Она схватила его за рукав. Вольф отшатнулся, вырвался.
– Я не страдаю бессонницей. Я страдаю оттого, что не могу вспомнить название этого фокстрота. Эта мелодия завязла у меня в мозгах.
Лили подозрительно глянула на него.
– Ты не хочешь подняться наверх? – спросила она.
Он отрицательно качнул головой.
– Тогда вали отсюда, бродяга! – решительно заявила Лили. – Если тебе негде переночевать, не надо думать, что здесь живут дурочки. Название фокстрота узнаешь, когда заплатишь.
В расстроенных чувствах, под басовитый раскатистый хохот красавицы, сидевший за стойкой, Мессинг выскочил на улицу. Музыканты, словно насмехаясь над ним, грянули во всю мощь. Из окон третьего этажа обрушилась такая лавина звуков, что он зажал уши и бросился наутек.
Отступать было поздно и горько. Скоро Вольф замедлил бег, двинулся степенным шагом, стряхнул невидимую пылинку с добротного костюма, поправил шляпу. Восстановив душевное равновесие, нехотя прикинул, не напустить ли на посетителей этого паскудного заведения толпу призраков. Пусть они, черепастые, костлявые, окружат стойку и посмеются над бандершей, а кто-то из очевидных паранормальных мертвецов составит компанию Лили.

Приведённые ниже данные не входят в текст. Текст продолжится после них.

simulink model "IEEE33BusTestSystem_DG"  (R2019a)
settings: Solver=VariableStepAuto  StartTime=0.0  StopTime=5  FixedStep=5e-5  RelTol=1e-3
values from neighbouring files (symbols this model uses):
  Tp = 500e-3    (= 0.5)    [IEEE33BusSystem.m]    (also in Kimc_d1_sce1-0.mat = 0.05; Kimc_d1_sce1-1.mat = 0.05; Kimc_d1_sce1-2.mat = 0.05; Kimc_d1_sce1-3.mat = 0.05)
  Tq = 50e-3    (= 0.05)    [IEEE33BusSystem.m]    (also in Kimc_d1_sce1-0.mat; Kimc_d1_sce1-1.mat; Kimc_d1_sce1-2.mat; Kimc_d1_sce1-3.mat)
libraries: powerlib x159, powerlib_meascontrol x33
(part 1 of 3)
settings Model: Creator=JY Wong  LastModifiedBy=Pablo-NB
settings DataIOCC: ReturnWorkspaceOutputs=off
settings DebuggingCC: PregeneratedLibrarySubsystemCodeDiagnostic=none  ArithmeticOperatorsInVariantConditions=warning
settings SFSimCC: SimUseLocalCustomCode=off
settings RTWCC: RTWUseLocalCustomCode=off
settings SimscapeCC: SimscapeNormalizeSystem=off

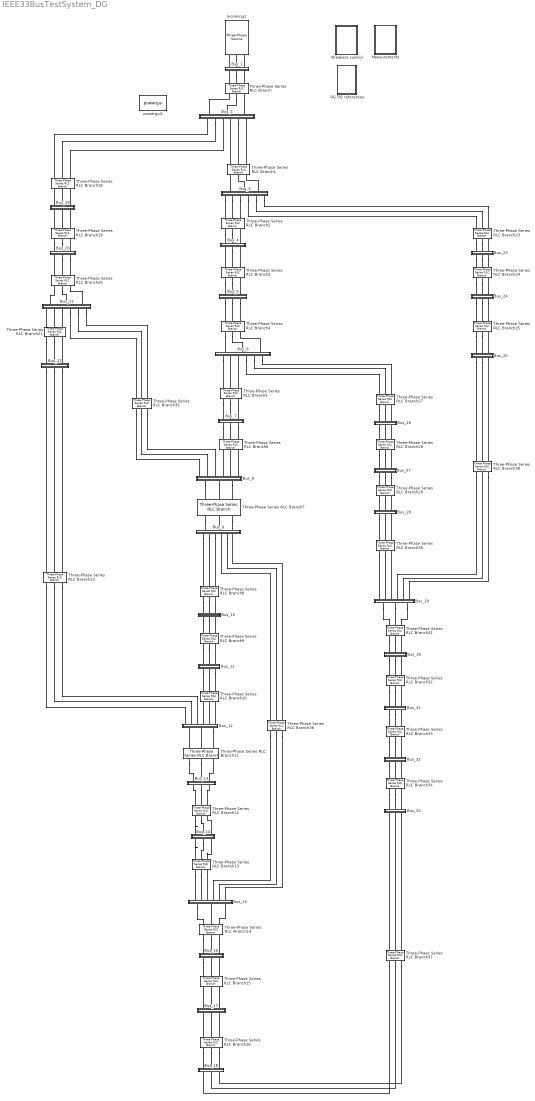
== system IEEE33BusTestSystem_DG ==
  Breakers control : Subsystem
  Bus_1 : Subsystem
  Bus_10 : Subsystem
  Bus_11 : Subsystem
  Bus_12 : Subsystem
  Bus_13 : Subsystem
  Bus_14 : Subsystem
  Bus_15 : Subsystem
  Bus_16 : Subsystem
  Bus_17 : Subsystem
  Bus_18 : Subsystem
  Bus_19 : Subsystem
  Bus_2 : Subsystem
  Bus_20 : Subsystem
  Bus_21 : Subsystem
  Bus_22 : Subsystem
  Bus_23 : Subsystem
  Bus_24 : Subsystem
  Bus_25 : Subsystem
  Bus_26 : Subsystem
  Bus_27 : Subsystem
  Bus_28 : Subsystem
  Bus_29 : Subsystem
  Bus_3 : Subsystem
  Bus_30 : Subsystem
  Bus_31 : Subsystem
  Bus_32 : Subsystem
  Bus_33 : Subsystem
  Bus_4 : Subsystem
  Bus_5 : Subsystem
  Bus_6 : Subsystem
  Bus_7 : Subsystem
  Bus_8 : Subsystem
  Bus_9 : Subsystem
  DG PQ references : Subsystem
  Incoming1 : powerlib/Electrical Sources/Three-Phase Source  InternalConnection=Yg  VoltagePhases=off  Voltage=(12660)*1  PhaseAngle=0  Voltage_phases=[25e3 25e3 25e3]/sqrt(3)  PhaseAngles_phases=[0 -120 +120]  Frequency=50  NonIdealSource=off  SpecifyImpedance=on  Resistance=0.8929  Inductance=16.58e-3  ShortCircuitLevel=438.555e6  BaseVoltage=12.66e3  XRratio=7  BusType=swing  Pref=0  Qref=0  Prefabc=[10e3, 10e3, 10e3]  Qrefabc=[0, 0, 0]  Qmin=-inf  Qmax=inf
      settings: SourceProductName=Simscape Electrical
  Measurements : Subsystem
  Three-Phase Series RLC Branch : powerlib/Elements/Three-Phase Series RLC Branch  LConnTagsString=A|B|C  RConnTagsString=A|B|C  BranchType=RL  Resistance=0.0922  Inductance=0.0470/2/pi/50  Capacitance=1e-6  Measurements=None
      settings: SourceProductName=Simscape Electrical
  Three-Phase Series RLC Branch1 : powerlib/Elements/Three-Phase Series RLC Branch  LConnTagsString=A|B|C  RConnTagsString=A|B|C  BranchType=RL  Resistance=0.4930  Inductance=0.2511/2/pi/50  Capacitance=1e-6  Measurements=None
      settings: SourceProductName=Simscape Electrical
  Three-Phase Series RLC Branch10 : powerlib/Elements/Three-Phase Series RLC Branch  LConnTagsString=A|B|C  RConnTagsString=A|B|C  BranchType=RL  Resistance=0.3744  Inductance=0.1238/2/pi/50  Capacitance=1e-6  Measurements=None
      settings: SourceProductName=Simscape Electrical
  Three-Phase Series RLC Branch11 : powerlib/Elements/Three-Phase Series RLC Branch  LConnTagsString=A|B|C  RConnTagsString=A|B|C  BranchType=RL  Resistance=1.468  Inductance=1.155/2/pi/50  Capacitance=1e-6  Measurements=None
      settings: SourceProductName=Simscape Electrical
  Three-Phase Series RLC Branch12 : powerlib/Elements/Three-Phase Series RLC Branch  LConnTagsString=A|B|C  RConnTagsString=A|B|C  BranchType=RL  Resistance=0.5416  Inductance=0.7129/2/pi/50  Capacitance=1e-6  Measurements=None
      settings: SourceProductName=Simscape Electrical
  Three-Phase Series RLC Branch13 : powerlib/Elements/Three-Phase Series RLC Branch  LConnTagsString=A|B|C  RConnTagsString=A|B|C  BranchType=RL  Resistance=0.591  Inductance=0.526/2/pi/50  Capacitance=1e-6  Measurements=None
      settings: SourceProductName=Simscape Electrical
  Three-Phase Series RLC Branch14 : powerlib/Elements/Three-Phase Series RLC Branch  LConnTagsString=A|B|C  RConnTagsString=A|B|C  BranchType=RL  Resistance=0.7463  Inductance=0.545/2/pi/50  Capacitance=1e-6  Measurements=None
      settings: SourceProductName=Simscape Electrical
  Three-Phase Series RLC Branch15 : powerlib/Elements/Three-Phase Series RLC Branch  LConnTagsString=A|B|C  RConnTagsString=A|B|C  BranchType=RL  Resistance=1.289  Inductance=1.721/2/pi/50  Capacitance=1e-6  Measurements=None
      settings: SourceProductName=Simscape Electrical
  Three-Phase Series RLC Branch16 : powerlib/Elements/Three-Phase Series RLC Branch  LConnTagsString=A|B|C  RConnTagsString=A|B|C  BranchType=RL  Resistance=0.7320  Inductance=0.5740/2/pi/50  Capacitance=1e-6  Measurements=None
      settings: SourceProductName=Simscape Electrical
  Three-Phase Series RLC Branch18 : powerlib/Elements/Three-Phase Series RLC Branch  LConnTagsString=A|B|C  RConnTagsString=A|B|C  BranchType=RL  Resistance=0.164  Inductance=0.1565/2/pi/50  Capacitance=1e-6  Measurements=None
      settings: SourceProductName=Simscape Electrical
  Three-Phase Series RLC Branch19 : powerlib/Elements/Three-Phase Series RLC Branch  LConnTagsString=A|B|C  RConnTagsString=A|B|C  BranchType=RL  Resistance=1.5042  Inductance=1.3554/2/pi/50  Capacitance=1e-6  Measurements=None
      settings: SourceProductName=Simscape Electrical
  Three-Phase Series RLC Branch2 : powerlib/Elements/Three-Phase Series RLC Branch  LConnTagsString=A|B|C  RConnTagsString=A|B|C  BranchType=RL  Resistance=0.366  Inductance=0.1864/2/pi/50  Capacitance=1e-6  Measurements=None
      settings: SourceProductName=Simscape Electrical
  Three-Phase Series RLC Branch20 : powerlib/Elements/Three-Phase Series RLC Branch  LConnTagsString=A|B|C  RConnTagsString=A|B|C  BranchType=RL  Resistance=0.4095  Inductance=0.4784/2/pi/50  Capacitance=1e-6  Measurements=None
      settings: SourceProductName=Simscape Electrical
  Three-Phase Series RLC Branch21 : powerlib/Elements/Three-Phase Series RLC Branch  LConnTagsString=A|B|C  RConnTagsString=A|B|C  BranchType=RL  Resistance=0.7089  Inductance=0.9373/2/pi/50  Capacitance=1e-6  Measurements=None
      settings: SourceProductName=Simscape Electrical
  Three-Phase Series RLC Branch22 : powerlib/Elements/Three-Phase Series RLC Branch  LConnTagsString=A|B|C  RConnTagsString=A|B|C  BranchType=RL  Resistance=2  Inductance=2/2/pi/50  Capacitance=1e-6  Measurements=None
      settings: SourceProductName=Simscape Electrical
  Three-Phase Series RLC Branch23 : powerlib/Elements/Three-Phase Series RLC Branch  LConnTagsString=A|B|C  RConnTagsString=A|B|C  BranchType=RL  Resistance=0.4512  Inductance=0.3083/2/pi/50  Capacitance=1e-6  Measurements=None
      settings: SourceProductName=Simscape Electrical
  Three-Phase Series RLC Branch24 : powerlib/Elements/Three-Phase Series RLC Branch  LConnTagsString=A|B|C  RConnTagsString=A|B|C  BranchType=RL  Resistance=0.8980  Inductance=0.7091/2/pi/50  Capacitance=1e-6  Measurements=None
      settings: SourceProductName=Simscape Electrical
  Three-Phase Series RLC Branch25 : powerlib/Elements/Three-Phase Series RLC Branch  LConnTagsString=A|B|C  RConnTagsString=A|B|C  BranchType=RL  Resistance=0.896  Inductance=0.7011/2/pi/50  Capacitance=1e-6  Measurements=None
      settings: SourceProductName=Simscape Electrical
  Three-Phase Series RLC Branch27 : powerlib/Elements/Three-Phase Series RLC Branch  LConnTagsString=A|B|C  RConnTagsString=A|B|C  BranchType=RL  Resistance=0.2030  Inductance=0.1034/2/pi/50  Capacitance=1e-6  Measurements=None
      settings: SourceProductName=Simscape Electrical
  Three-Phase Series RLC Branch28 : powerlib/Elements/Three-Phase Series RLC Branch  LConnTagsString=A|B|C  RConnTagsString=A|B|C  BranchType=RL  Resistance=0.2842  Inductance=0.1447/2/pi/50  Capacitance=1e-6  Measurements=None
      settings: SourceProductName=Simscape Electrical
  Three-Phase Series RLC Branch29 : powerlib/Elements/Three-Phase Series RLC Branch  LConnTagsString=A|B|C  RConnTagsString=A|B|C  BranchType=RL  Resistance=1.0590  Inductance=0.9337/2/pi/50  Capacitance=1e-6  Measurements=None
      settings: SourceProductName=Simscape Electrical
  Three-Phase Series RLC Branch3 : powerlib/Elements/Three-Phase Series RLC Branch  LConnTagsString=A|B|C  RConnTagsString=A|B|C  BranchType=RL  Resistance=0.3811  Inductance=0.1941/2/pi/50  Capacitance=1e-6  Measurements=None
      settings: SourceProductName=Simscape Electrical
  Three-Phase Series RLC Branch30 : powerlib/Elements/Three-Phase Series RLC Branch  LConnTagsString=A|B|C  RConnTagsString=A|B|C  BranchType=RL  Resistance=0.8042  Inductance=0.7006/2/pi/50  Capacitance=1e-6  Measurements=None
      settings: SourceProductName=Simscape Electrical
  Three-Phase Series RLC Branch31 : powerlib/Elements/Three-Phase Series RLC Branch  LConnTagsString=A|B|C  RConnTagsString=A|B|C  BranchType=RL  Resistance=0.5075  Inductance=0.2585/2/pi/50  Capacitance=1e-6  Measurements=None
      settings: SourceProductName=Simscape Electrical
  Three-Phase Series RLC Branch32 : powerlib/Elements/Three-Phase Series RLC Branch  LConnTagsString=A|B|C  RConnTagsString=A|B|C  BranchType=RL  Resistance=0.9744  Inductance=0.963/2/pi/50  Capacitance=1e-6  Measurements=None
      settings: SourceProductName=Simscape Electrical
  Three-Phase Series RLC Branch33 : powerlib/Elements/Three-Phase Series RLC Branch  LConnTagsString=A|B|C  RConnTagsString=A|B|C  BranchType=RL  Resistance=0.3105  Inductance=0.3619/2/pi/50  Capacitance=1e-6  Measurements=None
      settings: SourceProductName=Simscape Electrical
  Three-Phase Series RLC Branch34 : powerlib/Elements/Three-Phase Series RLC Branch  LConnTagsString=A|B|C  RConnTagsString=A|B|C  BranchType=RL  Resistance=0.341  Inductance=0.5302/2/pi/50  Capacitance=1e-6  Measurements=None
      settings: SourceProductName=Simscape Electrical
  Three-Phase Series RLC Branch35 : powerlib/Elements/Three-Phase Series RLC Branch  LConnTagsString=A|B|C  RConnTagsString=A|B|C  BranchType=RL  Resistance=2  Inductance=2/2/pi/50  Capacitance=1e-6  Measurements=None
      settings: SourceProductName=Simscape Electrical
  Three-Phase Series RLC Branch36 : powerlib/Elements/Three-Phase Series RLC Branch  LConnTagsString=A|B|C  RConnTagsString=A|B|C  BranchType=RL  Resistance=2  Inductance=2/2/pi/50  Capacitance=1e-6  Measurements=None
      settings: SourceProductName=Simscape Electrical
  Three-Phase Series RLC Branch37 : powerlib/Elements/Three-Phase Series RLC Branch  LConnTagsString=A|B|C  RConnTagsString=A|B|C  BranchType=RL  Resistance=0.5  Inductance=0.5/2/pi/50  Capacitance=1e-6  Measurements=None
      settings: SourceProductName=Simscape Electrical
  Three-Phase Series RLC Branch38 : powerlib/Elements/Three-Phase Series RLC Branch  LConnTagsString=A|B|C  RConnTagsString=A|B|C  BranchType=RL  Resistance=0.5  Inductance=0.5/2/pi/50  Capacitance=1e-6  Measurements=None
      settings: SourceProductName=Simscape Electrical
  Three-Phase Series RLC Branch4 : powerlib/Elements/Three-Phase Series RLC Branch  LConnTagsString=A|B|C  RConnTagsString=A|B|C  BranchType=RL  Resistance=0.819  Inductance=0.707/2/pi/50  Capacitance=1e-6  Measurements=None
      settings: SourceProductName=Simscape Electrical
  Three-Phase Series RLC Branch5 : powerlib/Elements/Three-Phase Series RLC Branch  LConnTagsString=A|B|C  RConnTagsString=A|B|C  BranchType=RL  Resistance=0.1872  Inductance=0.6188/2/pi/50  Capacitance=1e-6  Measurements=None
      settings: SourceProductName=Simscape Electrical
  Three-Phase Series RLC Branch6 : powerlib/Elements/Three-Phase Series RLC Branch  LConnTagsString=A|B|C  RConnTagsString=A|B|C  BranchType=RL  Resistance=0.7114  Inductance=0.2351/2/pi/50  Capacitance=1e-6  Measurements=None
      settings: SourceProductName=Simscape Electrical
  Three-Phase Series RLC Branch7 : powerlib/Elements/Three-Phase Series RLC Branch  LConnTagsString=A|B|C  RConnTagsString=A|B|C  BranchType=RL  Resistance=1.0300  Inductance=0.74/2/pi/50  Capacitance=1e-6  Measurements=None
      settings: SourceProductName=Simscape Electrical
  Three-Phase Series RLC Branch8 : powerlib/Elements/Three-Phase Series RLC Branch  LConnTagsString=A|B|C  RConnTagsString=A|B|C  BranchType=RL  Resistance=1.044  Inductance=0.74/2/pi/50  Capacitance=1e-6  Measurements=None
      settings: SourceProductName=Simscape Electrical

В этот момент Мессинга вновь окликнула Ханни. Ее голос проклюнулся на противоположной стороне улицы. Удачным месторасположение явочной квартиры не назовешь. От звуков музыки можно сойти с ума, но это были такие пустяки по сравнению с тем, что она была рядом, она помнит о нем, она скажет, как называется этот проклятый фокстрот.
Свернув за угол, Вольф обнаружил дом, откуда доносился ее зов. Мрачная пятиэтажная громада в общем строю других таких же громад, более похожих на коммунальные гробы.
Пятый подъезд.
Некоторое время Вольф постоял под арочным проходом. Вынюхивал, высматривал, изучал. Пошли они к черту, этот Рейнхард вкупе с Вайскруфтом! Пусть охотятся друг за другом. Мессинга им все равно не поймать. Неужели он не может побыть часок с любимой женщиной?
Он поднялся на третий этаж.
Позвонил.
Дверь открыла Ханни. Она вздрогнула, на ее лице начертался ужас.
– Что ты здесь делаешь?! Немедленно отправляйся в гостиницу!